TASK OBJECTIVE
Count the lines below that contain the word "Delta" and give only that number.

==== PROVIDED INFORMATION

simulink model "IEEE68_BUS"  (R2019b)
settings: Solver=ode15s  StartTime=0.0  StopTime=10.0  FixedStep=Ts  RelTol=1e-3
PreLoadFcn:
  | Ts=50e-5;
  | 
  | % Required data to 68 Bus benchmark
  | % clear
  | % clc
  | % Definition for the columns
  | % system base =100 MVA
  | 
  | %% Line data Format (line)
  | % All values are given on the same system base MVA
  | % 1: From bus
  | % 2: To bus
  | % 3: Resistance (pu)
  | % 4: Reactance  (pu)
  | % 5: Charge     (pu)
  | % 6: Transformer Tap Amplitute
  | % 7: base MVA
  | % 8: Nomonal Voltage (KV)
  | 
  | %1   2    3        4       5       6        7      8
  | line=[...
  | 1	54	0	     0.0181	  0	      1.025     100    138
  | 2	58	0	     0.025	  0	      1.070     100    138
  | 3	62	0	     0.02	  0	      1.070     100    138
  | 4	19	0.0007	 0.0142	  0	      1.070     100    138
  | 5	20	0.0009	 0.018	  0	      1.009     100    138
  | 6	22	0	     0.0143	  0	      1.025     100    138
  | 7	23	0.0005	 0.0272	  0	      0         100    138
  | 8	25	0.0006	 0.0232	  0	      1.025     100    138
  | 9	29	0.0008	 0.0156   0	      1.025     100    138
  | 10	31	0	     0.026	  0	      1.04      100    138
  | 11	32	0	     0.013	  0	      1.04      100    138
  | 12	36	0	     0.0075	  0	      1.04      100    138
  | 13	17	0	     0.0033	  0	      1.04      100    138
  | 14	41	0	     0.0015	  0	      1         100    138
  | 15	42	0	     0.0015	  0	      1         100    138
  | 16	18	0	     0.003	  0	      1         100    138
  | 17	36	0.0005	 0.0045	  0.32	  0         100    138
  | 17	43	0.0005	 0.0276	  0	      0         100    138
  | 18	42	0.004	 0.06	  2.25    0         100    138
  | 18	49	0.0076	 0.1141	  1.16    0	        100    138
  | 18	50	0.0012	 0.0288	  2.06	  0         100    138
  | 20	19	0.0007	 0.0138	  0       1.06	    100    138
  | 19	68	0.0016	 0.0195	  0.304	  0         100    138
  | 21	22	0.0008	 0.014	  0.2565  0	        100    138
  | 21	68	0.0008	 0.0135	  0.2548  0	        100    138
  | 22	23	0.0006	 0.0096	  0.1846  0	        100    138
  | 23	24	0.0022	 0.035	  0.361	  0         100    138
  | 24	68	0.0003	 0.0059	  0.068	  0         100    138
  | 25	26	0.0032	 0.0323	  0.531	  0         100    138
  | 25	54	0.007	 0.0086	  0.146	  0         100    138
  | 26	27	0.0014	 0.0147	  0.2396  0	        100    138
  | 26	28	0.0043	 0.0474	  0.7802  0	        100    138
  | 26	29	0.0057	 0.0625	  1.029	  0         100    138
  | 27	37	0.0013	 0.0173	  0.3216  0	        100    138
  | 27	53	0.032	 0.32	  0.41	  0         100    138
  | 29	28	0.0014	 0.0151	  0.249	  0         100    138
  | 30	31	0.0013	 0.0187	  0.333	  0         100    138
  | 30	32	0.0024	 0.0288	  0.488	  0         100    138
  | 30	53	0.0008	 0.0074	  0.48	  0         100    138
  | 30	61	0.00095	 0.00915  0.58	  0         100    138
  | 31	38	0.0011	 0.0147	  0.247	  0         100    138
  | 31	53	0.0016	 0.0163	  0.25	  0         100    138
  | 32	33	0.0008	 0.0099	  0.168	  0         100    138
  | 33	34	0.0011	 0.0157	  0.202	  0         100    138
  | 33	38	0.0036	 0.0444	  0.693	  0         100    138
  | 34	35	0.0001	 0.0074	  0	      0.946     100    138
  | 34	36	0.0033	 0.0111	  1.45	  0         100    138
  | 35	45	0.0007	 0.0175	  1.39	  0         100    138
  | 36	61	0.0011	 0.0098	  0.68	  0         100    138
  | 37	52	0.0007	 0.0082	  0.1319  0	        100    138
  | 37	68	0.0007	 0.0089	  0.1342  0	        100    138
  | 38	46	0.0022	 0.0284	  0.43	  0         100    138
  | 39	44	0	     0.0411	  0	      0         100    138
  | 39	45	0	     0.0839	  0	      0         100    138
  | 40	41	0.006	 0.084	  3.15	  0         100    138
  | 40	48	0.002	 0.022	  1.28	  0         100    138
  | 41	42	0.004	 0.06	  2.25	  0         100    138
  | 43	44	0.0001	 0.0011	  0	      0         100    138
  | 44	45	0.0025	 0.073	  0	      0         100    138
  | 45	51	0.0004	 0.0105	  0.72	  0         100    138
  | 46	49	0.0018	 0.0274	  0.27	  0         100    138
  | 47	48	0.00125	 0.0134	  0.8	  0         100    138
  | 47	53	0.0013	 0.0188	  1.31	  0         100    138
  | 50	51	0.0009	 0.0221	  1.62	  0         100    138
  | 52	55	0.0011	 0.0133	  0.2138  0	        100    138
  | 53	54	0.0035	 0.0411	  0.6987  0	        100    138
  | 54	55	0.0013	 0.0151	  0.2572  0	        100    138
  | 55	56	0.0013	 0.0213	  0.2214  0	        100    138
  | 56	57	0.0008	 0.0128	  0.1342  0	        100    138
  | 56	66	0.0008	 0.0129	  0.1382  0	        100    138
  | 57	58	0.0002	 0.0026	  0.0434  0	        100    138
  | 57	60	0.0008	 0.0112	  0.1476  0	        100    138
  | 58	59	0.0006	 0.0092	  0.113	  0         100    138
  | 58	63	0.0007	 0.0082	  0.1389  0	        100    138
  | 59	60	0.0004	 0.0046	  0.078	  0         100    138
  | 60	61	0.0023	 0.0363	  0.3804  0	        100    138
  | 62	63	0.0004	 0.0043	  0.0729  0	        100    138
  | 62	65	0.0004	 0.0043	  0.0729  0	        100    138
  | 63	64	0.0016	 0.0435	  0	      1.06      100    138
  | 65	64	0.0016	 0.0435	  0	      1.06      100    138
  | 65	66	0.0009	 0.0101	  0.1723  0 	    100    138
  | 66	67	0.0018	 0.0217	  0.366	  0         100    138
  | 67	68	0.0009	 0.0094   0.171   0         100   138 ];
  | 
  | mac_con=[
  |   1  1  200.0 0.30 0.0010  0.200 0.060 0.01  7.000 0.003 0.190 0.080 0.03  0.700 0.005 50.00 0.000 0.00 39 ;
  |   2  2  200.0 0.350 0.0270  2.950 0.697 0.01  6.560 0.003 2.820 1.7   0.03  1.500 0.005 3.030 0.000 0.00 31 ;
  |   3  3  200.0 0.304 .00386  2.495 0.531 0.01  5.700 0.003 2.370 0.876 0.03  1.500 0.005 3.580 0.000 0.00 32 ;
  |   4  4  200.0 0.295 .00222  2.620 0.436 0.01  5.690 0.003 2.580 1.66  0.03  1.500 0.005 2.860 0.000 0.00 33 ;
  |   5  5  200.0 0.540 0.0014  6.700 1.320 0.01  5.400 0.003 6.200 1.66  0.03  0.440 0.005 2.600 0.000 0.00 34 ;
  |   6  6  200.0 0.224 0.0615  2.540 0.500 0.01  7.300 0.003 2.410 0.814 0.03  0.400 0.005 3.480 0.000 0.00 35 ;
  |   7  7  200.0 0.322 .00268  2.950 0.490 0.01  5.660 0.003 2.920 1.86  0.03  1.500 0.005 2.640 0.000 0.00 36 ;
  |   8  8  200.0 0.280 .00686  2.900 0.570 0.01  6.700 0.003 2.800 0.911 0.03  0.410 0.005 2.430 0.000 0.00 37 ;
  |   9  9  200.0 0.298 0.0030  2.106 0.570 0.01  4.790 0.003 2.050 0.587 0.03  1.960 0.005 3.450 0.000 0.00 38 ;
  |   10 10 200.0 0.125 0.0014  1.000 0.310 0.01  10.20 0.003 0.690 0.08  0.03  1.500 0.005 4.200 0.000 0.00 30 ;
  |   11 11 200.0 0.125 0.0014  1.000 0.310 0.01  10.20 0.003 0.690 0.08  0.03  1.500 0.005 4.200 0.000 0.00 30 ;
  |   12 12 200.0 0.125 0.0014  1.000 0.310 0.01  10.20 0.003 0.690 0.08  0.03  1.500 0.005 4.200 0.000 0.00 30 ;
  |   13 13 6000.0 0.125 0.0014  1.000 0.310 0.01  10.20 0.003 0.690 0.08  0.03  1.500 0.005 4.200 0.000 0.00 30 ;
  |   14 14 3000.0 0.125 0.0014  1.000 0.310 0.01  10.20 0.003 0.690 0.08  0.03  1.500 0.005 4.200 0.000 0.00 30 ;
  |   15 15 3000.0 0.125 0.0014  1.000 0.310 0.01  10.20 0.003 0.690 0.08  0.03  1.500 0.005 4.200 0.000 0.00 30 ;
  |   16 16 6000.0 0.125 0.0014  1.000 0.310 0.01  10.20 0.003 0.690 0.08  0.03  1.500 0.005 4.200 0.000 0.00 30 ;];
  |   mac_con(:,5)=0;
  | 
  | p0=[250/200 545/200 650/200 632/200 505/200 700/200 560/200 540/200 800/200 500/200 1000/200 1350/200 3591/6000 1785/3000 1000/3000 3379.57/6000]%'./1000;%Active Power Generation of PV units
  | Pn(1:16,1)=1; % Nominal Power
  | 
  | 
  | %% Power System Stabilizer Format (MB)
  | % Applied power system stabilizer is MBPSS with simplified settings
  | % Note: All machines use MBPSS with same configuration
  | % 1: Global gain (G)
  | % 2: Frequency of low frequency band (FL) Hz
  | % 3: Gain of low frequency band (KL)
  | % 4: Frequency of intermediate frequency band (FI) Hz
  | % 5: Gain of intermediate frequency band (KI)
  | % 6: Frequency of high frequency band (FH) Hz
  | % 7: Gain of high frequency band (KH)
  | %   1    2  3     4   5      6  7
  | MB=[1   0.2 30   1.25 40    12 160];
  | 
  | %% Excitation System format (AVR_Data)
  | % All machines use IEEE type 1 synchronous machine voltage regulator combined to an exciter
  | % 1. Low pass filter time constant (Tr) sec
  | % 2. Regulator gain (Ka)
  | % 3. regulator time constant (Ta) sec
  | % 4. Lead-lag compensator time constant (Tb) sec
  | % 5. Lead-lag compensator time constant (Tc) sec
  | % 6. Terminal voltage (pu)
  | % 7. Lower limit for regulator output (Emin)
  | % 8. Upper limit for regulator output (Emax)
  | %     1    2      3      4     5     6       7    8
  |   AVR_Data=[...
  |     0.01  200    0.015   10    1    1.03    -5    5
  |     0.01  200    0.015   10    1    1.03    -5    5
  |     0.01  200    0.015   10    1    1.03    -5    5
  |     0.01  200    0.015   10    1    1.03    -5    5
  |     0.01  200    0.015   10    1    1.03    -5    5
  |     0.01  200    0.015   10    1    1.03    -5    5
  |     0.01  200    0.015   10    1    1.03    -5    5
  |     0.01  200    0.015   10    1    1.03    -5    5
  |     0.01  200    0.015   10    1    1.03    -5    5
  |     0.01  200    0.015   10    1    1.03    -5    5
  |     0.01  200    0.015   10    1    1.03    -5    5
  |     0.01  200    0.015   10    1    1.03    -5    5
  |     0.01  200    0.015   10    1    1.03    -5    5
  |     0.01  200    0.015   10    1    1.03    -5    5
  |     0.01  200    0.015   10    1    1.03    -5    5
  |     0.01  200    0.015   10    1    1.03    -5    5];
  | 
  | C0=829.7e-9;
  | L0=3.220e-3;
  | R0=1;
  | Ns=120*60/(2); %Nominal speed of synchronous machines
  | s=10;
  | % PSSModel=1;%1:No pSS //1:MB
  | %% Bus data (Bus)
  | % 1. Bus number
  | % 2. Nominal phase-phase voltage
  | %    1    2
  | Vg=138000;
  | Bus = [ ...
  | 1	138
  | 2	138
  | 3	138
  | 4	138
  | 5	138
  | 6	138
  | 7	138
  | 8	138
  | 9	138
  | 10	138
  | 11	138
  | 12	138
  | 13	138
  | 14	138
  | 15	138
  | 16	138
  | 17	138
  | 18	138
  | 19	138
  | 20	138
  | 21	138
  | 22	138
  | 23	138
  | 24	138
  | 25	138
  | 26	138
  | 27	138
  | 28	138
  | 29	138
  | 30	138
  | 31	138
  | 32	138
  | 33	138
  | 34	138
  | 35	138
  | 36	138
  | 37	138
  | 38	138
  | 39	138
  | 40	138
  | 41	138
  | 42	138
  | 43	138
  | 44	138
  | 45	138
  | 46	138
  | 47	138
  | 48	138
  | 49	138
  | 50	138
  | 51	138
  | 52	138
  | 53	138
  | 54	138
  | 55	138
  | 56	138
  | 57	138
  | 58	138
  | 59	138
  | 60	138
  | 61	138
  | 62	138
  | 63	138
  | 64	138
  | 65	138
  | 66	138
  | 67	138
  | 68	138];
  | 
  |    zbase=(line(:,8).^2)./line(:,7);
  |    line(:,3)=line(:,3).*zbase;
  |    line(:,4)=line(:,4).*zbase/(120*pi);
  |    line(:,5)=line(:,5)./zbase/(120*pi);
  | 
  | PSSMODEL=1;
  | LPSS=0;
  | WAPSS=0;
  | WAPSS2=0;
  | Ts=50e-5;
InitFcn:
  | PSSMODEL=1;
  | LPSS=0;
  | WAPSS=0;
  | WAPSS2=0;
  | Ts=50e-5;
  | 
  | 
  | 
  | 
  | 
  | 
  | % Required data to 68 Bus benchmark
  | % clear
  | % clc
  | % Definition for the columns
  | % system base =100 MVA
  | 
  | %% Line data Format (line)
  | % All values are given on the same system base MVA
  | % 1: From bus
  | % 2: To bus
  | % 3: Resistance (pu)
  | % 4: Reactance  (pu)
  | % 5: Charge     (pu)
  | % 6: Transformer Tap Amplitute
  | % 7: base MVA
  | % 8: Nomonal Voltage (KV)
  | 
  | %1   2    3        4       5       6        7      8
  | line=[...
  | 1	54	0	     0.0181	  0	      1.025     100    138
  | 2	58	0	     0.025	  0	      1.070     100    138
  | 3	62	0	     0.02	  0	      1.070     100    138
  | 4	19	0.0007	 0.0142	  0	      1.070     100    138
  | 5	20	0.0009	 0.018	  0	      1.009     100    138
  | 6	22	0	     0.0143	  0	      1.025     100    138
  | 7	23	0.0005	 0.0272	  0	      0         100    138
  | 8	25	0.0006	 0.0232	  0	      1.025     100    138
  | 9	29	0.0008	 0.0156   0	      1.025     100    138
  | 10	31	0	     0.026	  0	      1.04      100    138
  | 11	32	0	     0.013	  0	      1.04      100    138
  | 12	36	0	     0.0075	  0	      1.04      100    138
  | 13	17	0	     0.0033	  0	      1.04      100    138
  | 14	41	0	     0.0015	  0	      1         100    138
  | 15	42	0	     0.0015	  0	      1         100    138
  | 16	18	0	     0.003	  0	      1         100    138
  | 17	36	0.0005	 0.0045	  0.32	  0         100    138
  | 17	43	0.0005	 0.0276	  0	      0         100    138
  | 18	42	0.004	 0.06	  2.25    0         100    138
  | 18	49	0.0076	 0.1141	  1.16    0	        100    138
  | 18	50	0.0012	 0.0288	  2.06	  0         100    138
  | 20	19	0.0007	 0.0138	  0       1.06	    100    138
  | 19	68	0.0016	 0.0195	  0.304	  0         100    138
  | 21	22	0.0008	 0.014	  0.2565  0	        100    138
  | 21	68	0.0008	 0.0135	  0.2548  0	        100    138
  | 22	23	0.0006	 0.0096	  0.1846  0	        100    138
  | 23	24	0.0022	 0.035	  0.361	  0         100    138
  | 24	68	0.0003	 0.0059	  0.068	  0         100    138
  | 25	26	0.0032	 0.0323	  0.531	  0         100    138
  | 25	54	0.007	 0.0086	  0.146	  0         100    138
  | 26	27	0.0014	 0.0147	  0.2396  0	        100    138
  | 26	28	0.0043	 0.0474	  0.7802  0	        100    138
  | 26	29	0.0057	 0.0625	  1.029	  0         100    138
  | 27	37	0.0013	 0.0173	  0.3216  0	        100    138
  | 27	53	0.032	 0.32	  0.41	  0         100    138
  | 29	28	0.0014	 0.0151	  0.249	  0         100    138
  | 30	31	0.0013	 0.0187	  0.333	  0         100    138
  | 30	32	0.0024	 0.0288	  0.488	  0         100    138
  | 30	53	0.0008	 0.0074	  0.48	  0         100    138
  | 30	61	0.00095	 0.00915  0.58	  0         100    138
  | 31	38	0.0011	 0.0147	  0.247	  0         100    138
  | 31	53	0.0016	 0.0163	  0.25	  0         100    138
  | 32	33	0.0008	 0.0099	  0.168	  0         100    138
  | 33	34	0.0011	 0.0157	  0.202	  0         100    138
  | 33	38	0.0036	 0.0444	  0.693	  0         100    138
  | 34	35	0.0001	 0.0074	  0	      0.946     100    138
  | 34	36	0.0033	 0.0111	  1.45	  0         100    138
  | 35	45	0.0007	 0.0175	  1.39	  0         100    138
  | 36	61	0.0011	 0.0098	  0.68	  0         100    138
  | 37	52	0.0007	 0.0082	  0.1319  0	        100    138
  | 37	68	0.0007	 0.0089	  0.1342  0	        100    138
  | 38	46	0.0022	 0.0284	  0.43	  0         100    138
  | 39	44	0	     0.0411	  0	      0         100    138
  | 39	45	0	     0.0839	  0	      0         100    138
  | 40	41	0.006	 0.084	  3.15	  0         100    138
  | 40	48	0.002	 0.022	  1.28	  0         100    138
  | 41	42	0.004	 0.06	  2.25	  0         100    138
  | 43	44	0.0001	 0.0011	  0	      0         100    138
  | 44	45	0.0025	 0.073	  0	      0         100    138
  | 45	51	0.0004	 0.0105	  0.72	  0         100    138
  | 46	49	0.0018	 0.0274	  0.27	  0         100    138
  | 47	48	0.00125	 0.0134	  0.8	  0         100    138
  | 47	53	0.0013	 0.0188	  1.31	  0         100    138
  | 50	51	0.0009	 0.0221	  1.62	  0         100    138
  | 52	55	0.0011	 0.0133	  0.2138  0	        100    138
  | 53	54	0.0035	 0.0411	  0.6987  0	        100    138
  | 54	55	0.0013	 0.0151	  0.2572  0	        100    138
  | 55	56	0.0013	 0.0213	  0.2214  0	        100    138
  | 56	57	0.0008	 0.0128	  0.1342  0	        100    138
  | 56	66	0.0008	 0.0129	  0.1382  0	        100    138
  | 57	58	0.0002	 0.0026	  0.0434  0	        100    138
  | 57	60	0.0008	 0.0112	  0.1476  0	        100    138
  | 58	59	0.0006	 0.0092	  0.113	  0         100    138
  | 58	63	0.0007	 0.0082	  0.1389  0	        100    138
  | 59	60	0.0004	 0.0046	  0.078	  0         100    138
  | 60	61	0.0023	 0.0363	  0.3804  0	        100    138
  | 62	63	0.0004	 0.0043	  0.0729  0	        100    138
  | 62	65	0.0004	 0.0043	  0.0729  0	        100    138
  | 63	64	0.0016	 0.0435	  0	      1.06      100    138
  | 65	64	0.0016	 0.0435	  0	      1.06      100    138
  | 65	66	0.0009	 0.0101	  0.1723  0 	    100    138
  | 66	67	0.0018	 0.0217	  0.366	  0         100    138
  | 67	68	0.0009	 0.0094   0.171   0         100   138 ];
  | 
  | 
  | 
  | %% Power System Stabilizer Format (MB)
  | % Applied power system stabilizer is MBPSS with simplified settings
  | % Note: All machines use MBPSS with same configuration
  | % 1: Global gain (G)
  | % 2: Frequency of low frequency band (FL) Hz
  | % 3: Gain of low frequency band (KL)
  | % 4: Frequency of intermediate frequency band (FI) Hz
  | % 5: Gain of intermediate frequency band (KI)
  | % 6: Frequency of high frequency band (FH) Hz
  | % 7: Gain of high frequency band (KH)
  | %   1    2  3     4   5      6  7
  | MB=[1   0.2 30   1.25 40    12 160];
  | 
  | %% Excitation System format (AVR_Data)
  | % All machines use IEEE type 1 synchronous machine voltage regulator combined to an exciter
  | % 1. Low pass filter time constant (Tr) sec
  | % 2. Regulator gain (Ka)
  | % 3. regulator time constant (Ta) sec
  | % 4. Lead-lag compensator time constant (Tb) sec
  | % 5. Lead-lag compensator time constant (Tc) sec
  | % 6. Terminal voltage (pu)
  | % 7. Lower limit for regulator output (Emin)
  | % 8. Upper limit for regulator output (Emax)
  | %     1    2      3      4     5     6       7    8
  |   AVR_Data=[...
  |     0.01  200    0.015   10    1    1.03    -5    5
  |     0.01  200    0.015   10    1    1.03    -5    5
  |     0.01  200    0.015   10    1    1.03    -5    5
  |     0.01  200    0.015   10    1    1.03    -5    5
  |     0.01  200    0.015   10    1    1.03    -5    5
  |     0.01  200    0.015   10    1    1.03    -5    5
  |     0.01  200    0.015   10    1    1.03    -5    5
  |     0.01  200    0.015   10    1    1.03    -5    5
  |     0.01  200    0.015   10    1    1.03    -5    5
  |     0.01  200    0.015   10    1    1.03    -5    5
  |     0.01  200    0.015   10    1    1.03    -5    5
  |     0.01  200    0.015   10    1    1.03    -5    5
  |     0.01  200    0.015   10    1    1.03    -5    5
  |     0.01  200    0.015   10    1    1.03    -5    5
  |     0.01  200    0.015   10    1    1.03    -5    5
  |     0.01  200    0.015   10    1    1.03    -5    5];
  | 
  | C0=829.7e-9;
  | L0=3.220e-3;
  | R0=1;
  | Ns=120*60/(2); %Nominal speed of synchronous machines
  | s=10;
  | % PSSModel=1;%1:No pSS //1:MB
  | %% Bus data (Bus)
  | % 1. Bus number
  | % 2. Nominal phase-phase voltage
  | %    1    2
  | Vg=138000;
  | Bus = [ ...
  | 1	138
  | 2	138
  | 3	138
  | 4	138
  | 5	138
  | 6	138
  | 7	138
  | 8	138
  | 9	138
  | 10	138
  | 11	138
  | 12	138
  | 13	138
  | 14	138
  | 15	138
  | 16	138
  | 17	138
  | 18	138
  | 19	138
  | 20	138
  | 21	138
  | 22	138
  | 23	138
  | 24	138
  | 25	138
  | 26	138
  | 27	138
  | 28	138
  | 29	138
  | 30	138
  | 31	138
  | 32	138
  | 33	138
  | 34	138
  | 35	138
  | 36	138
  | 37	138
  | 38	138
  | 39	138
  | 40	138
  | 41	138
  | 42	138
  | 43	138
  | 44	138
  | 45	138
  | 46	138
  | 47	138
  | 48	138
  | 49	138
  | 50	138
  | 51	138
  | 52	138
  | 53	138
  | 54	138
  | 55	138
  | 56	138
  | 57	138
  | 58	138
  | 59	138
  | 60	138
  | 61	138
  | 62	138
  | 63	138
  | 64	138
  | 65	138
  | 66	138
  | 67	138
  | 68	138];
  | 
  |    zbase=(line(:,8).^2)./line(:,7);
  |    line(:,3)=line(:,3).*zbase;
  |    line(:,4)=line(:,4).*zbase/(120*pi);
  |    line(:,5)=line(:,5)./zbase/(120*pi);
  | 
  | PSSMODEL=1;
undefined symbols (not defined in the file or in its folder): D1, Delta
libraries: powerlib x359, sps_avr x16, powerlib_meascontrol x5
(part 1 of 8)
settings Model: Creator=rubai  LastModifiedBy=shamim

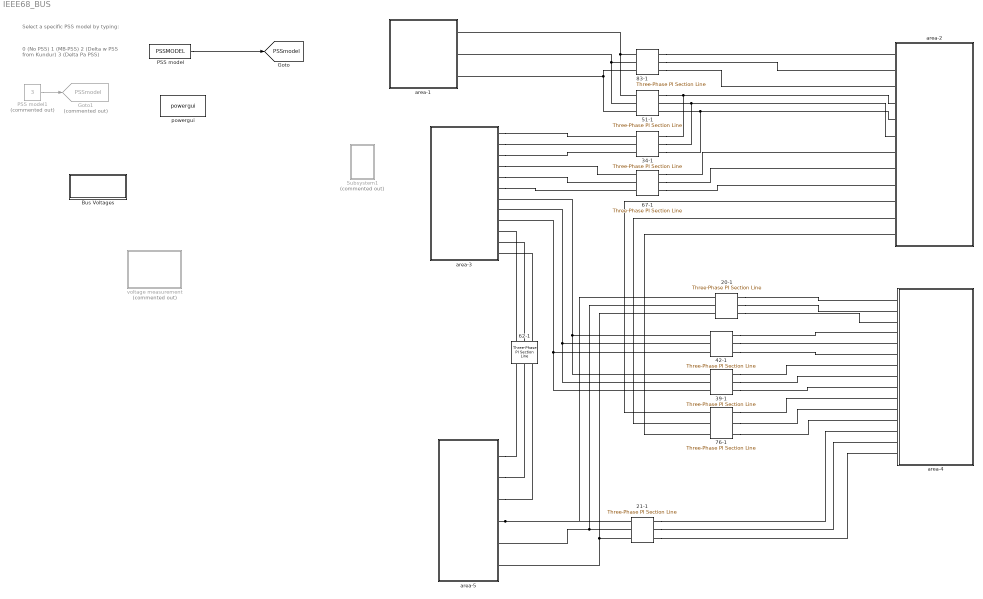
== system IEEE68_BUS ==
  note: Select a specific PSS model
      | by typing:
  note: 0  (No PSS)
      | 1  (MB-PSS)
      | 2  (Delta w PSS from Kundur)
      | 3  (Delta Pa PSS)
  20-1 : powerlib/Elements/Three-Phase PI Section Line  LConnTagsString=a|b|c  RConnTagsString=A|B|C  Frequency=60  Resistances=[line(20,3) 3*line(20,3)]  Inductances=[line(20,4) 3*line(20,4)]  Capacitances=[line(20,5) line(20,5)/3]  Length=1
      settings: SourceProductName=Simscape Electrical
  21-1 : powerlib/Elements/Three-Phase PI Section Line  LConnTagsString=a|b|c  RConnTagsString=A|B|C  Frequency=60  Resistances=[line(21,3) 3*line(21,3)]  Inductances=[line(21,4) 3*line(21,4)]  Capacitances=[line(21,5) line(21,5)/3]  Length=1
      settings: SourceProductName=Simscape Electrical
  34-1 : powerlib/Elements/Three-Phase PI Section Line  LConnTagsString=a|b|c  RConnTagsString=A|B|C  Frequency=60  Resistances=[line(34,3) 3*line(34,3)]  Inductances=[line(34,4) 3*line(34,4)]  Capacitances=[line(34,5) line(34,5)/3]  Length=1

========

THE ANSWER
3